In a second step, we converted readings of atmospheric pressure into m above sea level (hereafter m asl) using the function altitudeCALC in the PAMLr package, which is based on the hypsometric equation that assumes standard atmospheric conditions 21,49. Hence, estimates of altitude are rather precise but can be biased by natural variations in atmospheric pressure, i.e. influenced by the so-called «high- and low-pressure areas». Such shifts in pressure are however fairly slow and minor (maximum of 2 hPa h-1) so that they would not generate abrupt changes in estimated altitude 21. Furthermore, daily fluctuations in atmospheric pressure, called atmospheric tides, reach at most 3 hPa in the tropics 50, potentially inducing a maximal daily altitudinal deviation of only ca 30 m for a given location. We summarized the altitude information as the median and range (minimum to maximum) for each of the four periods of the annual cycle, treating readings during migratory bouts separately.

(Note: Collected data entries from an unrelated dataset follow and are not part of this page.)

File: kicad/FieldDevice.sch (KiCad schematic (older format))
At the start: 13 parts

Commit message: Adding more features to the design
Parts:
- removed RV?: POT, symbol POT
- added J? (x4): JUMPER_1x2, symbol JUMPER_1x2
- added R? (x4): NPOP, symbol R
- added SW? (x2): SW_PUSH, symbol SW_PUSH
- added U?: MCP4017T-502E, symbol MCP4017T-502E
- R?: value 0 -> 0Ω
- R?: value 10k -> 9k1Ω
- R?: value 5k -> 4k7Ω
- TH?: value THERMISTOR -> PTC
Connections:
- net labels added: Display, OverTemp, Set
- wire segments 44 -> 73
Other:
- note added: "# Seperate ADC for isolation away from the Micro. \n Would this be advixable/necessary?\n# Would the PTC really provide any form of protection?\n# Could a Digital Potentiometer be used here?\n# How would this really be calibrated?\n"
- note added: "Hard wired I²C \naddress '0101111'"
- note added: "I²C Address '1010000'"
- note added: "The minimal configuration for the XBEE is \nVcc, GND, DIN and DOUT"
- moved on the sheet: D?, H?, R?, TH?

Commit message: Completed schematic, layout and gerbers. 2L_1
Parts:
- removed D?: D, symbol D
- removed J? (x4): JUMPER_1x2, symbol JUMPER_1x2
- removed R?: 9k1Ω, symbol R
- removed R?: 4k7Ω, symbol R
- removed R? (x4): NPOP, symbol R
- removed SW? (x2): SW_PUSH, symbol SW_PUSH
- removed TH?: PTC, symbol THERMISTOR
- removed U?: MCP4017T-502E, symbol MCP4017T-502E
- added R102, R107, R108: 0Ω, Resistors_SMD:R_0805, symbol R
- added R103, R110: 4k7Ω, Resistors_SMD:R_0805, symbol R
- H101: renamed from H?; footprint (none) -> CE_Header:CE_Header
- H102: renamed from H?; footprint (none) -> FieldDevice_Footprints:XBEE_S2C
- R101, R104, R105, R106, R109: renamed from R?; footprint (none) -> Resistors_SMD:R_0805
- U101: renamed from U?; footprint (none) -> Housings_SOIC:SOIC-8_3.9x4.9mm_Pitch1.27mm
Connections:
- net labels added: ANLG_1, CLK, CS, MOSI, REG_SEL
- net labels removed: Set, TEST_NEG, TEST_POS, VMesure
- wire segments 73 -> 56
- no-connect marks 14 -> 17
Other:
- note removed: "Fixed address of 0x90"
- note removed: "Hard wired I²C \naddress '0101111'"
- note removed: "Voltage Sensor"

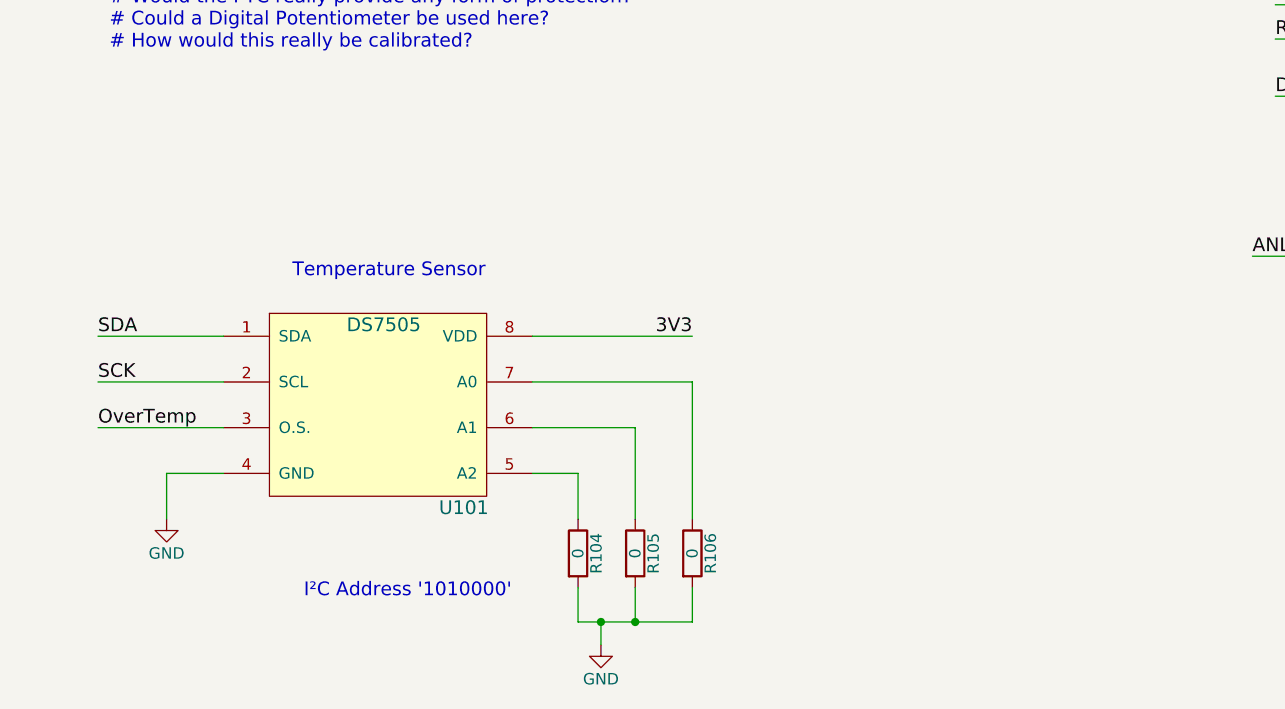
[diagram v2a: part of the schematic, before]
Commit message: added the missing pullup resistors 2L_2
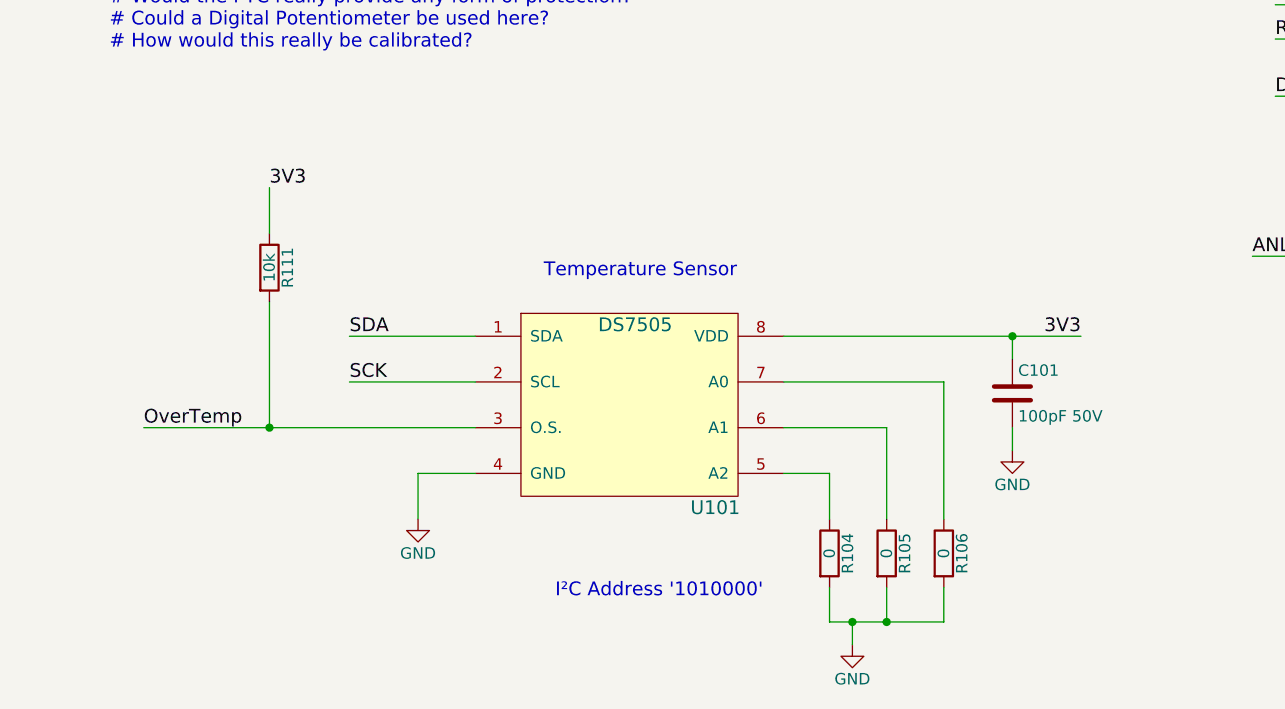
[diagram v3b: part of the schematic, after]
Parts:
- added C101: 100pF 50V, Capacitors_SMD:C_0805, symbol C
- added R111: 10k, Resistors_SMD:R_0805, symbol R
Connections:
- net 3V3: now also C101.1, R111.1
- net GND: now also C101.2
- net OverTemp: now also R111.2
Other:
- moved on the sheet: R104, R105, R106, U101
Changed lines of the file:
@@
 L DS7505 U101
 U 1 1 59347421
-P 2250 6100
-F 0 "U101" H 2600 5650 60  0000 C CNN
-F 1 "DS7505" H 2250 6450 60  0000 C CNN
-F 2 "Housings_SOIC:SOIC-8_3.9x4.9mm_Pitch1.27mm" H 2250 5900 60  0001 C CNN
-F 3 "" H 2250 5900 60  0000 C CNN
-	1    2250 6100
-	1    0    0    -1
-$EndComp
-Text Label 3600 5800 2    60   ~ 0
+P 3350 6100
+F 0 "U101" H 3700 5650 60  0000 C CNN
+F 1 "DS7505" H 3350 6450 60  0000 C CNN
+F 2 "Housings_SOIC:SOIC-8_3.9x4.9mm_Pitch1.27mm" H 3350 5900 60  0001 C CNN
+F 3 "" H 3350 5900 60  0000 C CNN
+	1    3350 6100
+	1    0    0    -1
+$EndComp
+Text Label 5300 5800 2    60   ~ 0
 3V3
 $Comp
 L GND #PWR04
 U 1 1 59347521
-P 1300 6600
-F 0 "#PWR04" H 1300 6350 50  0001 C CNN
-F 1 "GND" H 1300 6450 50  0000 C CNN
-F 2 "" H 1300 6600 50  0000 C CNN
-F 3 "" H 1300 6600 50  0000 C CNN
-	1    1300 6600
+P 2400 6600
+F 0 "#PWR04" H 2400 6350 50  0001 C CNN
+F 1 "GND" H 2400 6450 50  0000 C CNN
+F 2 "" H 2400 6600 50  0000 C CNN
+F 3 "" H 2400 6600 50  0000 C CNN
+	1    2400 6600
 	1    0    0    -1
 $EndComp
@@
 L R R104
 U 1 1 593475EC
-P 3100 6750
-F 0 "R104" V 3180 6750 50  0000 C CNN
-F 1 "0" V 3100 6750 50  0000 C CNN
-F 2 "Resistors_SMD:R_0805" V 3030 6750 50  0001 C CNN
-F 3 "" H 3100 6750 50  0000 C CNN
-	1    3100 6750
+P 4200 6750
+F 0 "R104" V 4280 6750 50  0000 C CNN
+F 1 "0" V 4200 6750 50  0000 C CNN
+F 2 "Resistors_SMD:R_0805" V 4130 6750 50  0001 C CNN
+F 3 "" H 4200 6750 50  0000 C CNN
+	1    4200 6750
 	1    0    0    -1
 $EndComp
@@
 L R R105
 U 1 1 59347631
-P 3350 6750
-F 0 "R105" V 3430 6750 50  0000 C CNN
-F 1 "0" V 3350 6750 50  0000 C CNN
-F 2 "Resistors_SMD:R_0805" V 3280 6750 50  0001 C CNN
-F 3 "" H 3350 6750 50  0000 C CNN
-	1    3350 6750
+P 4450 6750
+F 0 "R105" V 4530 6750 50  0000 C CNN
+F 1 "0" V 4450 6750 50  0000 C CNN
+F 2 "Resistors_SMD:R_0805" V 4380 6750 50  0001 C CNN
+F 3 "" H 4450 6750 50  0000 C CNN
+	1    4450 6750
 	1    0    0    -1
 $EndComp
@@
 L R R106
 U 1 1 5934765B
-P 3600 6750
-F 0 "R106" V 3680 6750 50  0000 C CNN
-F 1 "0" V 3600 6750 50  0000 C CNN
-F 2 "Resistors_SMD:R_0805" V 3530 6750 50  0001 C CNN
-F 3 "" H 3600 6750 50  0000 C CNN
-	1    3600 6750
+P 4700 6750
+F 0 "R106" V 4780 6750 50  0000 C CNN
+F 1 "0" V 4700 6750 50  0000 C CNN
+F 2 "Resistors_SMD:R_0805" V 4630 6750 50  0001 C CNN
+F 3 "" H 4700 6750 50  0000 C CNN
+	1    4700 6750
 	1    0    0    -1
 $EndComp
@@
 L GND #PWR05
 U 1 1 59347764
-P 3200 7150
-F 0 "#PWR05" H 3200 6900 50  0001 C CNN
-F 1 "GND" H 3200 7000 50  0000 C CNN
-F 2 "" H 3200 7150 50  0000 C CNN
-F 3 "" H 3200 7150 50  0000 C CNN
-	1    3200 7150
+P 4300 7150
+F 0 "#PWR05" H 4300 6900 50  0001 C CNN
+F 1 "GND" H 4300 7000 50  0000 C CNN
+F 2 "" H 4300 7150 50  0000 C CNN
+F 3 "" H 4300 7150 50  0000 C CNN
+	1    4300 7150
 	1    0    0    -1
 $EndComp
@@
 Text Label 4900 2300 2    60   ~ 0
 SDA
-Text Label 1000 5800 0    60   ~ 0
+Text Label 2100 5800 0    60   ~ 0
 SDA
-Text Label 1000 6000 0    60   ~ 0
+Text Label 2100 6000 0    60   ~ 0
 SCK
-Text Notes 1850 5550 0    60   ~ 0
+Text Notes 2950 5550 0    60   ~ 0
 Temperature Sensor
 Text Notes 1050 4550 0    60   ~ 0
 # Seperate ADC for isolation away from the Micro. \n    Would this be advixable/necessary?\n# Would the PTC really provide any form of protection?\n# Could a Digital Potentiometer be used here?\n# How would this really be calibrated?\n
-Text Notes 1900 6950 0    60   ~ 0
+Text Notes 3000 6950 0    60   ~ 0
 I²C Address '1010000'
 Text Notes 7500 1200 0    60   ~ 0
 The minimal configuration for the XBEE is \nVcc, GND, DIN and DOUT
-Text Label 1000 6200 0    60   ~ 0
+Text Label 1200 6200 0    60   ~ 0
 OverTemp
 $Sheet
@@
 	6100 2100 5650 2100
 Wire Wire Line
-	2900 5800 3600 5800
-Wire Wire Line
-	1550 6400 1300 6400
-Wire Wire Line
-	1300 6400 1300 6600
-Wire Wire Line
-	1550 5800 1000 5800
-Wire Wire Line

Finally, we derived geographic positions of the nine birds for which light-intensity data was available and of sufficient quality. We first defined twilights using TwGeos and then categorized those into residency and movement periods. For MSL, this distinction was based on the migratory flights that were identified as described previously. We considered only periods of eight consecutive days without migratory flight as true stopovers, given the noise in the data and thus the need of longer periods to estimate accurate locations. For GL, the distinction was done using the function changeLight in GeoLight, again setting a threshold of eight days for distinguishing a stopover. We used «in-habitat» calibration of the sun elevation angles (zero and median) for parameterizing the error distribution around the twilight times 45, i.e. using as a reference the period during which a bird was for sure present at its breeding site. We then modeled the migration trajectory as well as stopover and residency locations using SGAT. We chose a grouped Estelle model, where estimates within residency periods are grouped together to increase spatial precision 48. We forced residency periods to occur on land only, whereas movement was not constrained spatially but flight speed assumed to follow a gamma distribution (β = 2.2, SD = 0.08). The starting point of each trajectory track was fixed at the very breeding location, as was the end point, except for the individual whose logger stopped recording in the middle of winter. To fit the Estelle model, we first drew 1’000 initial samples using a ‘modifiedGamma’ model (i.e. relaxed model, allowing negative errors on twilight times), tuned it 5 times with 300 iterations using a ‘Gamma’ distribution. We shall here report median estimates ± 95% credible intervals (CI; based on 2.5 and 97.5% quantiles) from a final run with 2’000 iterations to ensure convergence.